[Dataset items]

■ ■ ■

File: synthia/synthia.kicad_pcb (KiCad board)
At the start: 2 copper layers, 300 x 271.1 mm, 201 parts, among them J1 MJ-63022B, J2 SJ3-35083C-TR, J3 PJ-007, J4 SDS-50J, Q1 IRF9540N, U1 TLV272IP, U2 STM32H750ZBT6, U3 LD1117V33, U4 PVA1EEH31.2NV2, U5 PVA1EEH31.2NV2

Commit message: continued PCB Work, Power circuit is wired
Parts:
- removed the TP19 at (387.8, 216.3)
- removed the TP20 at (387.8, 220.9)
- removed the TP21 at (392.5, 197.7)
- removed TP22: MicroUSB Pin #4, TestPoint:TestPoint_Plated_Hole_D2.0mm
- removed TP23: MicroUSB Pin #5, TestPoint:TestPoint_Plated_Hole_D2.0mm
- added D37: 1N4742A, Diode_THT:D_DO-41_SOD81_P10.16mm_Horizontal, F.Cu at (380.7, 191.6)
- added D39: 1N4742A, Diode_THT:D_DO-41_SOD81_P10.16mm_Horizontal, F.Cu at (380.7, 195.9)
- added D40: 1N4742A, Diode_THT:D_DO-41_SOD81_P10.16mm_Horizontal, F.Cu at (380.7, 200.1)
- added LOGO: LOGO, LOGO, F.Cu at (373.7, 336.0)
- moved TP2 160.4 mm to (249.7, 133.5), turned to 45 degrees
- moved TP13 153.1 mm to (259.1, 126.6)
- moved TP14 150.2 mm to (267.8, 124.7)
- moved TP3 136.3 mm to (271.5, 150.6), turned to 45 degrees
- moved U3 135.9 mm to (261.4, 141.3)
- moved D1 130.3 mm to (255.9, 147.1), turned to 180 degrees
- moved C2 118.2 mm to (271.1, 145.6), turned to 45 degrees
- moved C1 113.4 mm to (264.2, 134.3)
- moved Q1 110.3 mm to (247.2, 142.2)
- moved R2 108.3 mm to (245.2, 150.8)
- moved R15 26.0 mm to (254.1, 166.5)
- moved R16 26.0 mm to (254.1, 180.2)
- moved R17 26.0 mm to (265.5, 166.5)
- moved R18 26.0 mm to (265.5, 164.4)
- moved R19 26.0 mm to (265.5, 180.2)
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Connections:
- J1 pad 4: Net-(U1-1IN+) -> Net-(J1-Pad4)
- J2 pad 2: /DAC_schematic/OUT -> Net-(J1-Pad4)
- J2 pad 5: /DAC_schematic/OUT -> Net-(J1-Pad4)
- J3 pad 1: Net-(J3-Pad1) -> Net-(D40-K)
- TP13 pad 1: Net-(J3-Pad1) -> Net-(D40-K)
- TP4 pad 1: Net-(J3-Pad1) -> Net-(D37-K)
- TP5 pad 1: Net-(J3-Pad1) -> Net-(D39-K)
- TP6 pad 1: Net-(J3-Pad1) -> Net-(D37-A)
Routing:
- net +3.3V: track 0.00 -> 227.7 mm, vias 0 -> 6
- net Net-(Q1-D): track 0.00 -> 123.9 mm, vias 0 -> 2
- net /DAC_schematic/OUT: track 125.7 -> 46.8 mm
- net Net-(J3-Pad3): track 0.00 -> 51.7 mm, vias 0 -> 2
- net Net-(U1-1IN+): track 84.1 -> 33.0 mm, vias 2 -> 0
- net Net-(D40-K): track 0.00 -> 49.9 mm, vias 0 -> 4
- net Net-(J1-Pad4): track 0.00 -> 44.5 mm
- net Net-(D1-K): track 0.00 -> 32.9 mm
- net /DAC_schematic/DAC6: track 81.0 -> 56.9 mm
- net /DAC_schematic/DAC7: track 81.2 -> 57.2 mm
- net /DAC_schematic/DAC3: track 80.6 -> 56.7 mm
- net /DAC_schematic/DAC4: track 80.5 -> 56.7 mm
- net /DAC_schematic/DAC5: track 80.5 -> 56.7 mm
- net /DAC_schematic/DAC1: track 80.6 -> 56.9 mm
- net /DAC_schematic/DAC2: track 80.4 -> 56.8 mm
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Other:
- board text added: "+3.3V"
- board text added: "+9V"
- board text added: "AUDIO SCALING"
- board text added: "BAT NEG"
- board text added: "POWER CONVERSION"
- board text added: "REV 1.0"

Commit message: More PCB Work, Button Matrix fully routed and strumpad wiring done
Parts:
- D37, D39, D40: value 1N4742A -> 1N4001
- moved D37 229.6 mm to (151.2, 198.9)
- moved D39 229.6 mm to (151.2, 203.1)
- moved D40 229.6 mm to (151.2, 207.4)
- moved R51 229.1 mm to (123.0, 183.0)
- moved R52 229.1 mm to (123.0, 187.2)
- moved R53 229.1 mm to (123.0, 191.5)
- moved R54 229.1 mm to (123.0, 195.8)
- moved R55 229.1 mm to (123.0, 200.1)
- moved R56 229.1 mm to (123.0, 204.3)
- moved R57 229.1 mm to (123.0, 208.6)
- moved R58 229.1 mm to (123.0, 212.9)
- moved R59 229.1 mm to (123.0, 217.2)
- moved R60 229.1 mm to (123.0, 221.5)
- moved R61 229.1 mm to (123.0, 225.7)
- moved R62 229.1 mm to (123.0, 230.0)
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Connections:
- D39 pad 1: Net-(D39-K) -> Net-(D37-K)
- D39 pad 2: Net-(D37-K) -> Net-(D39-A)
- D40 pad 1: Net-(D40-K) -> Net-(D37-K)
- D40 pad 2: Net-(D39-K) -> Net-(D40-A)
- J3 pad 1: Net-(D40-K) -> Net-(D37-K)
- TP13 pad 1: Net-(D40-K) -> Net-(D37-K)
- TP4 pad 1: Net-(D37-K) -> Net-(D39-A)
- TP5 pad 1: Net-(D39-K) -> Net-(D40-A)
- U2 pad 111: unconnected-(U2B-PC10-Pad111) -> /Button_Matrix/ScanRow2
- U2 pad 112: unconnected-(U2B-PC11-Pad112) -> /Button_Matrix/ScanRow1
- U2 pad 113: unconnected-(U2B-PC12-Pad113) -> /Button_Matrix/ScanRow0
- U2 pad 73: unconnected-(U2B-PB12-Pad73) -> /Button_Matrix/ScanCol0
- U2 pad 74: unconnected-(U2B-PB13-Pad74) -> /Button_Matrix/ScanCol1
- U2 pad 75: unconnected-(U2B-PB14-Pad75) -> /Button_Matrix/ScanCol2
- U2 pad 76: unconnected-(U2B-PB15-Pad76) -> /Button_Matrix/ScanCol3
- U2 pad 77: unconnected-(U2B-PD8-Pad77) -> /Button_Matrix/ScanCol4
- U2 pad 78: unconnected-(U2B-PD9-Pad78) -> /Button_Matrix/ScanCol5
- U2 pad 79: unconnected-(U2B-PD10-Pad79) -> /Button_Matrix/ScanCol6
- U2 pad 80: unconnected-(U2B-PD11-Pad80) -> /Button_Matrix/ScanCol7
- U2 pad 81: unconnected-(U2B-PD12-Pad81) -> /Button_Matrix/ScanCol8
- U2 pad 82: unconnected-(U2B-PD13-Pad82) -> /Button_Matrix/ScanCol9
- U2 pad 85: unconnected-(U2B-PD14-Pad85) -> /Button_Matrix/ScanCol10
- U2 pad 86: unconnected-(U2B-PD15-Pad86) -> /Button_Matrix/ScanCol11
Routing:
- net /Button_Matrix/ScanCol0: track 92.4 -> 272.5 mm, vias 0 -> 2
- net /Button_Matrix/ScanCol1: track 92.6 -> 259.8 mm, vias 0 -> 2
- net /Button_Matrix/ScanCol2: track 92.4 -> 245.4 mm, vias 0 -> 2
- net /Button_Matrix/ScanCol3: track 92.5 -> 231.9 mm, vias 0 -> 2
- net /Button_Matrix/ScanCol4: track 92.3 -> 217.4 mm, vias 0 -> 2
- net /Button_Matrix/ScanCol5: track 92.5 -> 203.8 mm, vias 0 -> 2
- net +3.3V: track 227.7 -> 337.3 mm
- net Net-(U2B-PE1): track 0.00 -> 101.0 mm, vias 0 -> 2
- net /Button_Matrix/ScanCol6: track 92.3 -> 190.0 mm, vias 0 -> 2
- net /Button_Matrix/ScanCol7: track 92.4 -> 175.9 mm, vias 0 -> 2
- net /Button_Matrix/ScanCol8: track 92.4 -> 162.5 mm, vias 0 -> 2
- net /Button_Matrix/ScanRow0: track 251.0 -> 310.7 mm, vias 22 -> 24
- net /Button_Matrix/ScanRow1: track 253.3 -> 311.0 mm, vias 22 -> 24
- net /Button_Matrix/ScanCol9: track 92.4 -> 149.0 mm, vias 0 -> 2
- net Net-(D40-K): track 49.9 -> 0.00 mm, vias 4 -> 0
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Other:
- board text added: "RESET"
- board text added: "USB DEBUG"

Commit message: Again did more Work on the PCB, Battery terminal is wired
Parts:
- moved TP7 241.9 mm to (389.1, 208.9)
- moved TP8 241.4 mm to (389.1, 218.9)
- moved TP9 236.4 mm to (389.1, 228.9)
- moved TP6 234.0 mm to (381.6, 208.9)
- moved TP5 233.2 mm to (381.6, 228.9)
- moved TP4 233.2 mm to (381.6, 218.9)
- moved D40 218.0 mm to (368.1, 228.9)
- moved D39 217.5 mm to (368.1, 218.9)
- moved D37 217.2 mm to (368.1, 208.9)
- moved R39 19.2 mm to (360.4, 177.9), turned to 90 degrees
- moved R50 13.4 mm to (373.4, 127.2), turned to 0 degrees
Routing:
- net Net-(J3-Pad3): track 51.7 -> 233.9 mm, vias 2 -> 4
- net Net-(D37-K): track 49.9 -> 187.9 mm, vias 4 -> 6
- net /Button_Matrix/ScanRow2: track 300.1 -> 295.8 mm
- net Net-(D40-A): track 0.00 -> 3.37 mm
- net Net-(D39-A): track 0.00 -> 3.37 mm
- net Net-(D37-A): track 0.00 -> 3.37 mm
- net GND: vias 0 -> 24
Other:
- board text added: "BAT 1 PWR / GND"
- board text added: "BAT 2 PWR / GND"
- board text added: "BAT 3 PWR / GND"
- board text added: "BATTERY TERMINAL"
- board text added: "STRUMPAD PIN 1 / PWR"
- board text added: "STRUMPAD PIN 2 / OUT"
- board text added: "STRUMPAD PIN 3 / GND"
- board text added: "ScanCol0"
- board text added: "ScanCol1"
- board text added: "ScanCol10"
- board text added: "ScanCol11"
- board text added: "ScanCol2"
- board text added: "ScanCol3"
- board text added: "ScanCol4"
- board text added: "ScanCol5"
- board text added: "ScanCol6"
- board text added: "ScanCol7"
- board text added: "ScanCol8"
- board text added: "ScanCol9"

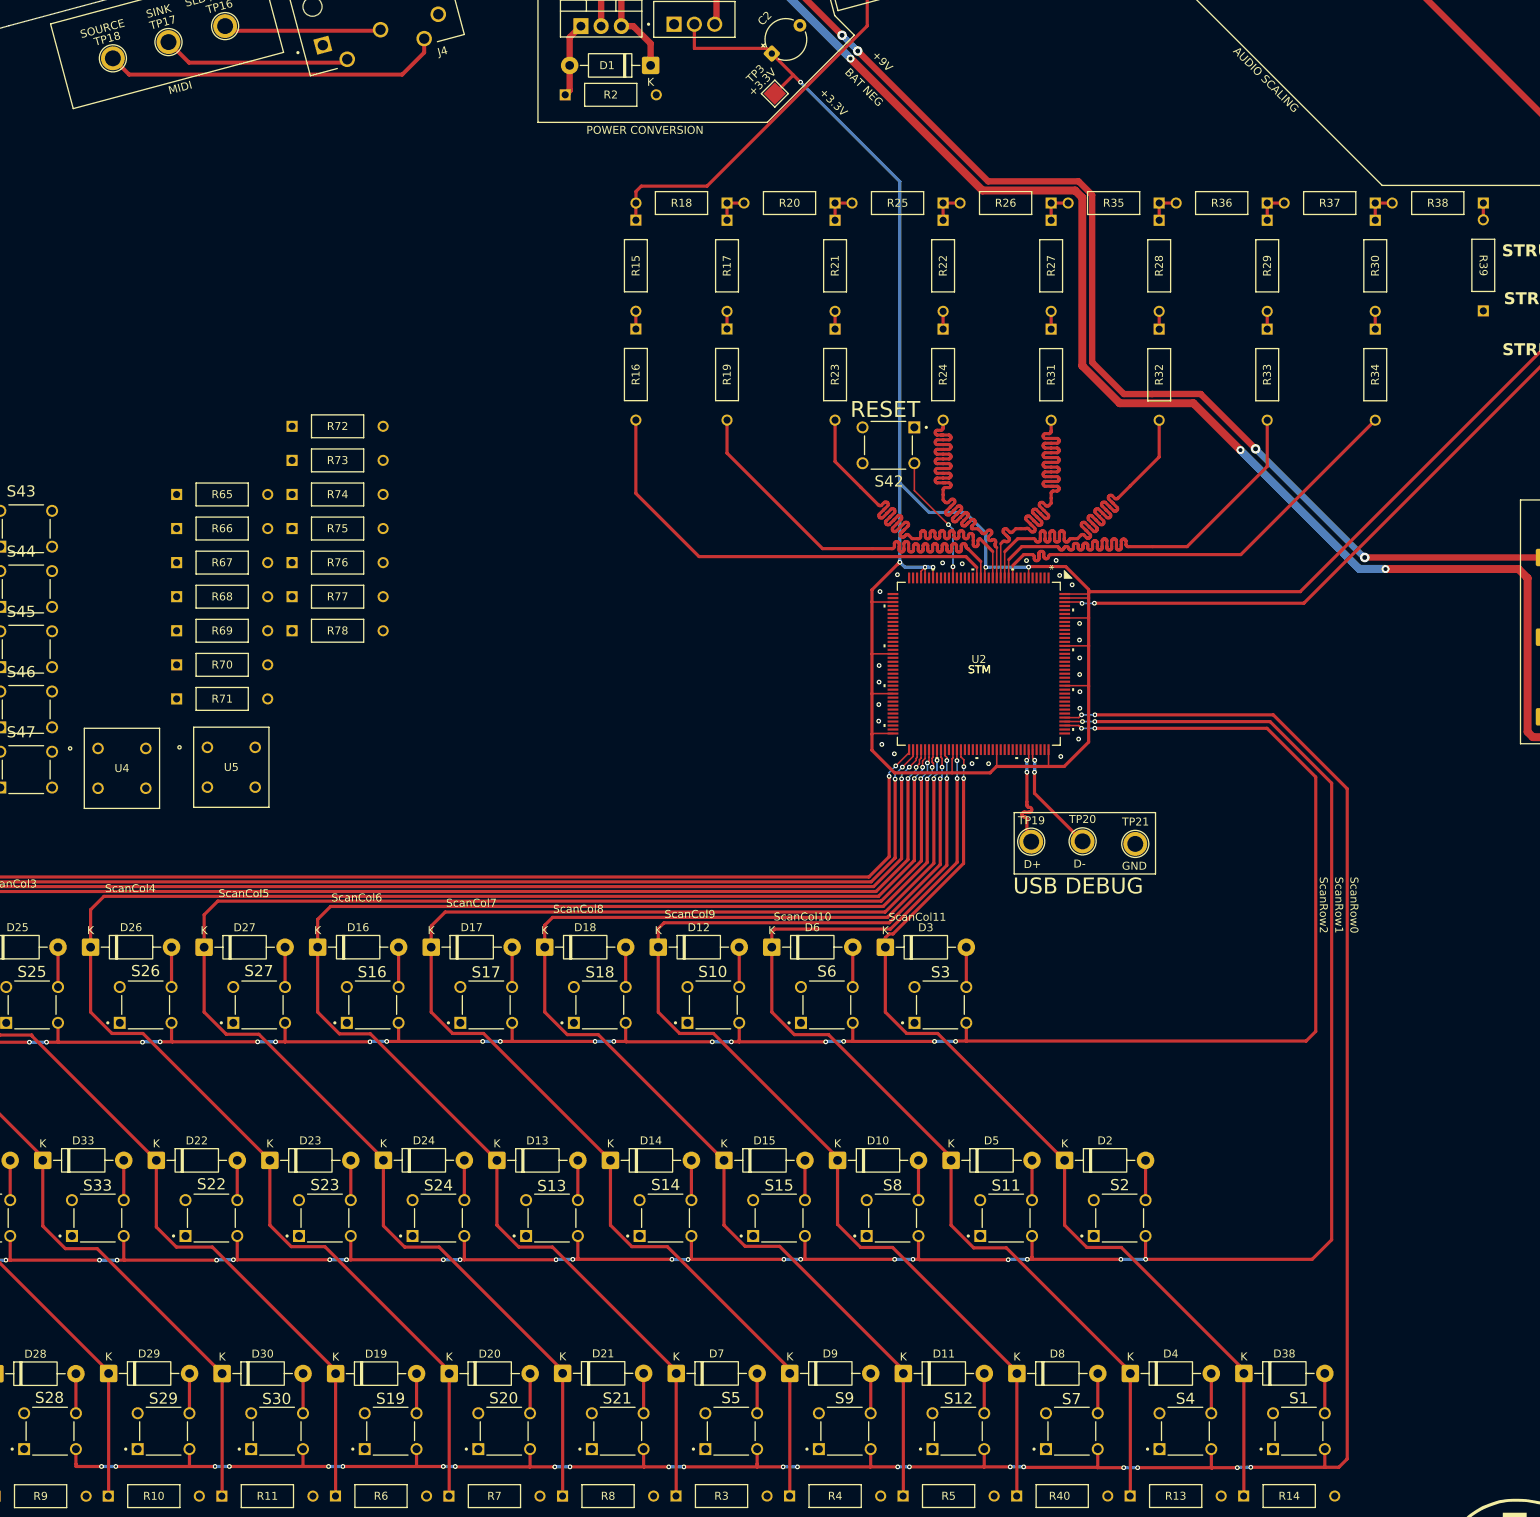
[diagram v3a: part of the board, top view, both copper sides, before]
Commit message: Completely had to redesign most of the pins allocated for power and designed some of the ports that will save us from potentially bricking the stm. PCB wiring for the updated schematic is NOT DONE
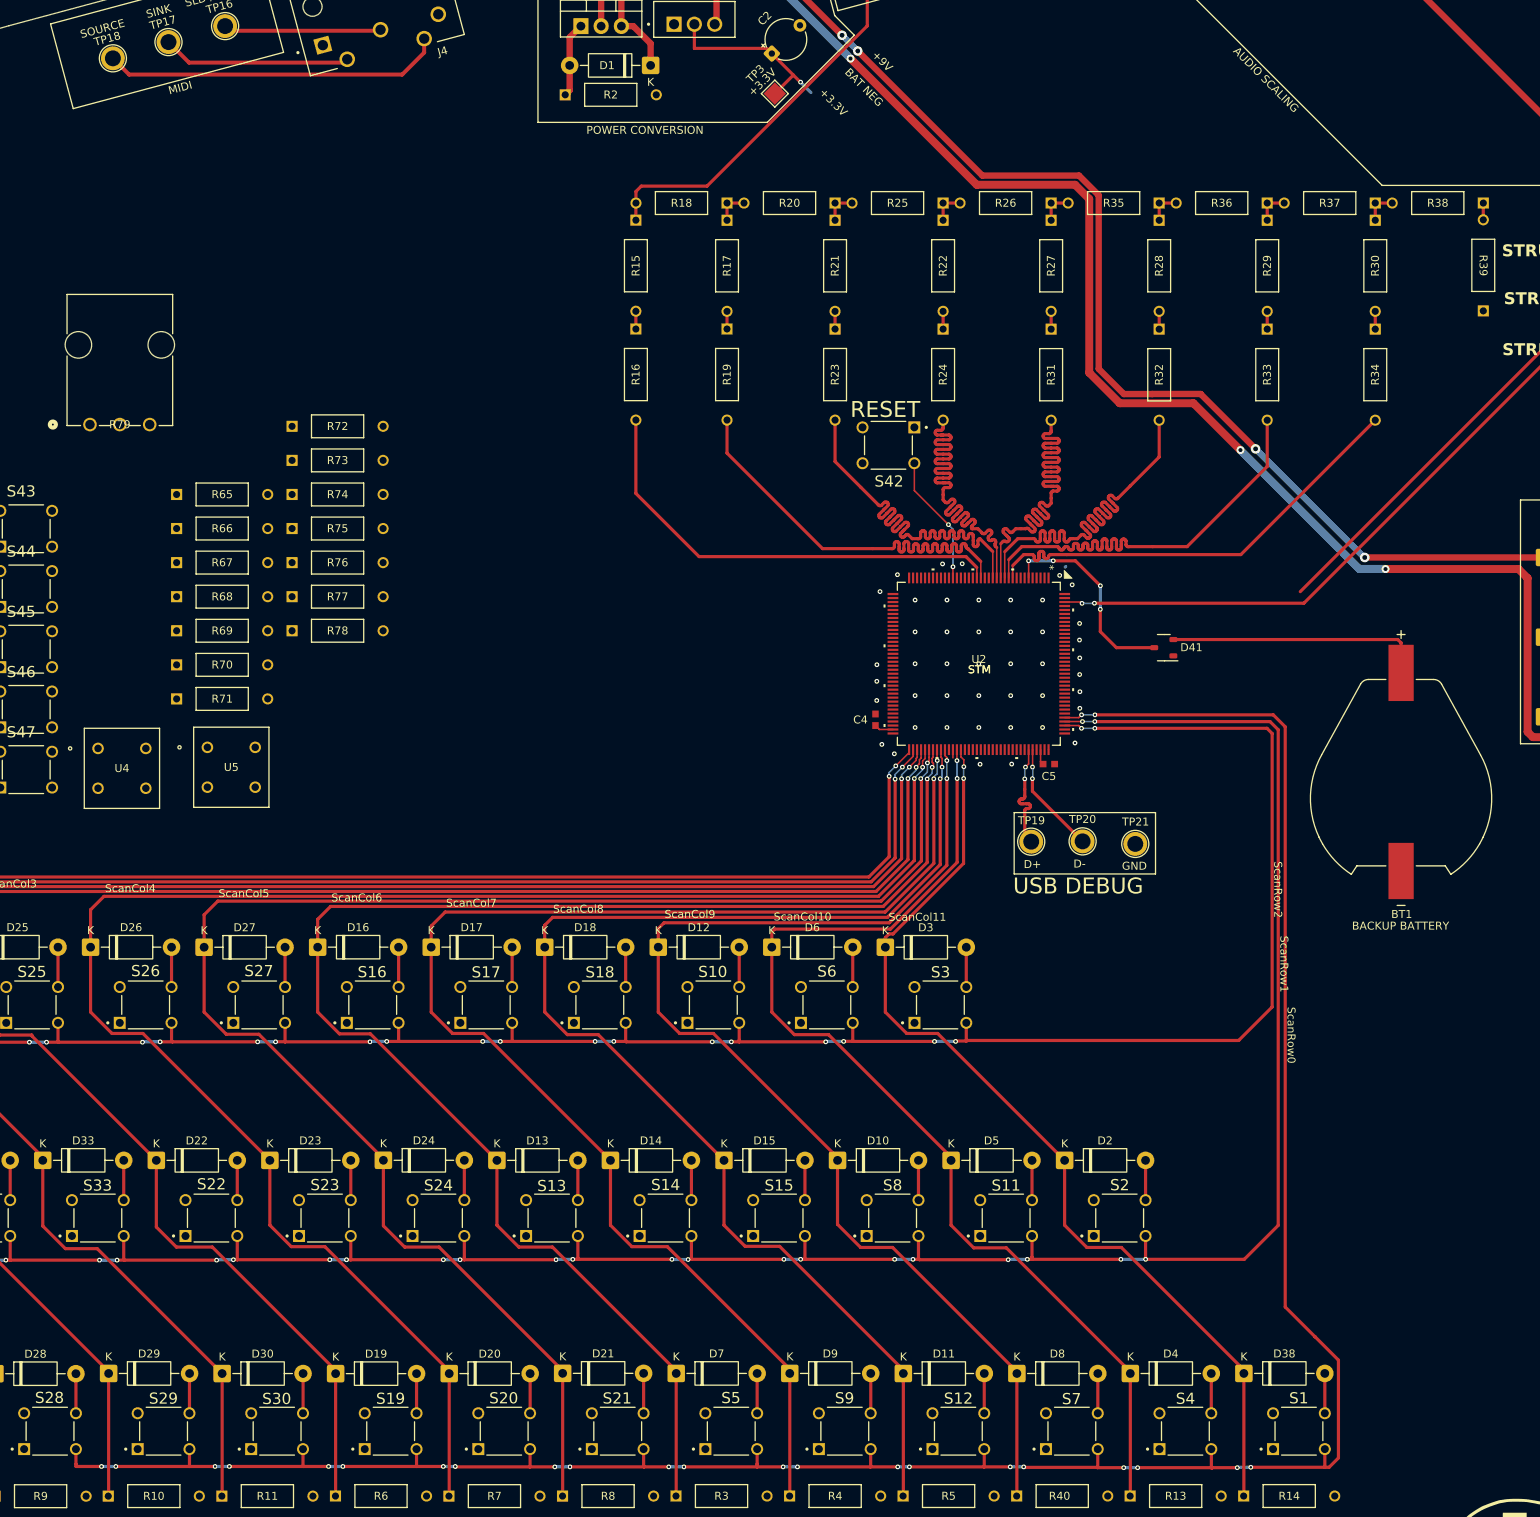
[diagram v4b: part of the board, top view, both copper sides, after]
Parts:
- added BT1: 1063, Synthia_footprint_library:BAT_1063, F.Cu at (350.1, 235.8)
- added C4: GRM188R71A225KE15D, Synthia_footprint_library:G-188_MUR, F.Cu at (284.1, 229.2)
- added C5: GRM188R71A225KE15D, Synthia_footprint_library:G-188_MUR, F.Cu at (305.9, 234.8)
- added D41: BAS70-04, Synthia_footprint_library:P200_SOT-23, F.Cu at (321.5, 221.2)
- added R79: P120PK-Y25BR10K, Synthia_footprint_library:POT_P120PK-x25_TTE, F.Cu at (185.6, 192.2)
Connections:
- U2 pad 106: unconnected-(U2B-VCAP-Pad106) -> Net-(U2B-VCAP)
- U2 pad 6: +3.3V -> Net-(U2A-VBAT)
- U2 pad 71: unconnected-(U2A-VCAP-Pad71) -> Net-(U2A-VCAP)
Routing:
- net +3.3V: track 337.3 -> 98.0 mm, vias 6 -> 1
- net Net-(D41-C): track 0.00 -> 32.5 mm
- net Net-(U2A-VBAT): track 0.00 -> 25.8 mm, vias 0 -> 4
- net /Button_Matrix/ScanRow1: track 311.0 -> 300.4 mm
- net /Button_Matrix/ScanRow2: track 295.8 -> 286.3 mm
- net Net-(U2A-VCAP): track 0.00 -> 2.40 mm
- net Net-(U2B-VCAP): track 0.00 -> 1.94 mm
- net /Button_Matrix/ScanRow0: track 310.7 -> 309.0 mm
- net GND: vias 24 -> 45
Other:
- board text added: "BACKUP BATTERY"

■ ■ ■

> **Activity**: Taking the records above, retype every line from the one with "- removed TP22: MicroUSB" down to the one with "- net /DAC_schematic/DAC2: track", exactly and with nothing else.

> **Solved problem**:
- removed TP22: MicroUSB Pin #4, TestPoint:TestPoint_Plated_Hole_D2.0mm
- removed TP23: MicroUSB Pin #5, TestPoint:TestPoint_Plated_Hole_D2.0mm
- added D37: 1N4742A, Diode_THT:D_DO-41_SOD81_P10.16mm_Horizontal, F.Cu at (380.7, 191.6)
- added D39: 1N4742A, Diode_THT:D_DO-41_SOD81_P10.16mm_Horizontal, F.Cu at (380.7, 195.9)
- added D40: 1N4742A, Diode_THT:D_DO-41_SOD81_P10.16mm_Horizontal, F.Cu at (380.7, 200.1)
- added LOGO: LOGO, LOGO, F.Cu at (373.7, 336.0)
- moved TP2 160.4 mm to (249.7, 133.5), turned to 45 degrees
- moved TP13 153.1 mm to (259.1, 126.6)
- moved TP14 150.2 mm to (267.8, 124.7)
- moved TP3 136.3 mm to (271.5, 150.6), turned to 45 degrees
- moved U3 135.9 mm to (261.4, 141.3)
- moved D1 130.3 mm to (255.9, 147.1), turned to 180 degrees
- moved C2 118.2 mm to (271.1, 145.6), turned to 45 degrees
- moved C1 113.4 mm to (264.2, 134.3)
- moved Q1 110.3 mm to (247.2, 142.2)
- moved R2 108.3 mm to (245.2, 150.8)
- moved R15 26.0 mm to (254.1, 166.5)
- moved R16 26.0 mm to (254.1, 180.2)
- moved R17 26.0 mm to (265.5, 166.5)
- moved R18 26.0 mm to (265.5, 164.4)
- moved R19 26.0 mm to (265.5, 180.2)
Connections:
- J1 pad 4: Net-(U1-1IN+) -> Net-(J1-Pad4)
- J2 pad 2: /DAC_schematic/OUT -> Net-(J1-Pad4)
- J2 pad 5: /DAC_schematic/OUT -> Net-(J1-Pad4)
- J3 pad 1: Net-(J3-Pad1) -> Net-(D40-K)
- TP13 pad 1: Net-(J3-Pad1) -> Net-(D40-K)
- TP4 pad 1: Net-(J3-Pad1) -> Net-(D37-K)
- TP5 pad 1: Net-(J3-Pad1) -> Net-(D39-K)
- TP6 pad 1: Net-(J3-Pad1) -> Net-(D37-A)
Routing:
- net +3.3V: track 0.00 -> 227.7 mm, vias 0 -> 6
- net Net-(Q1-D): track 0.00 -> 123.9 mm, vias 0 -> 2
- net /DAC_schematic/OUT: track 125.7 -> 46.8 mm
- net Net-(J3-Pad3): track 0.00 -> 51.7 mm, vias 0 -> 2
- net Net-(U1-1IN+): track 84.1 -> 33.0 mm, vias 2 -> 0
- net Net-(D40-K): track 0.00 -> 49.9 mm, vias 0 -> 4
- net Net-(J1-Pad4): track 0.00 -> 44.5 mm
- net Net-(D1-K): track 0.00 -> 32.9 mm
- net /DAC_schematic/DAC6: track 81.0 -> 56.9 mm
- net /DAC_schematic/DAC7: track 81.2 -> 57.2 mm
- net /DAC_schematic/DAC3: track 80.6 -> 56.7 mm
- net /DAC_schematic/DAC4: track 80.5 -> 56.7 mm
- net /DAC_schematic/DAC5: track 80.5 -> 56.7 mm
- net /DAC_schematic/DAC1: track 80.6 -> 56.9 mm
- net /DAC_schematic/DAC2: track 80.4 -> 56.8 mm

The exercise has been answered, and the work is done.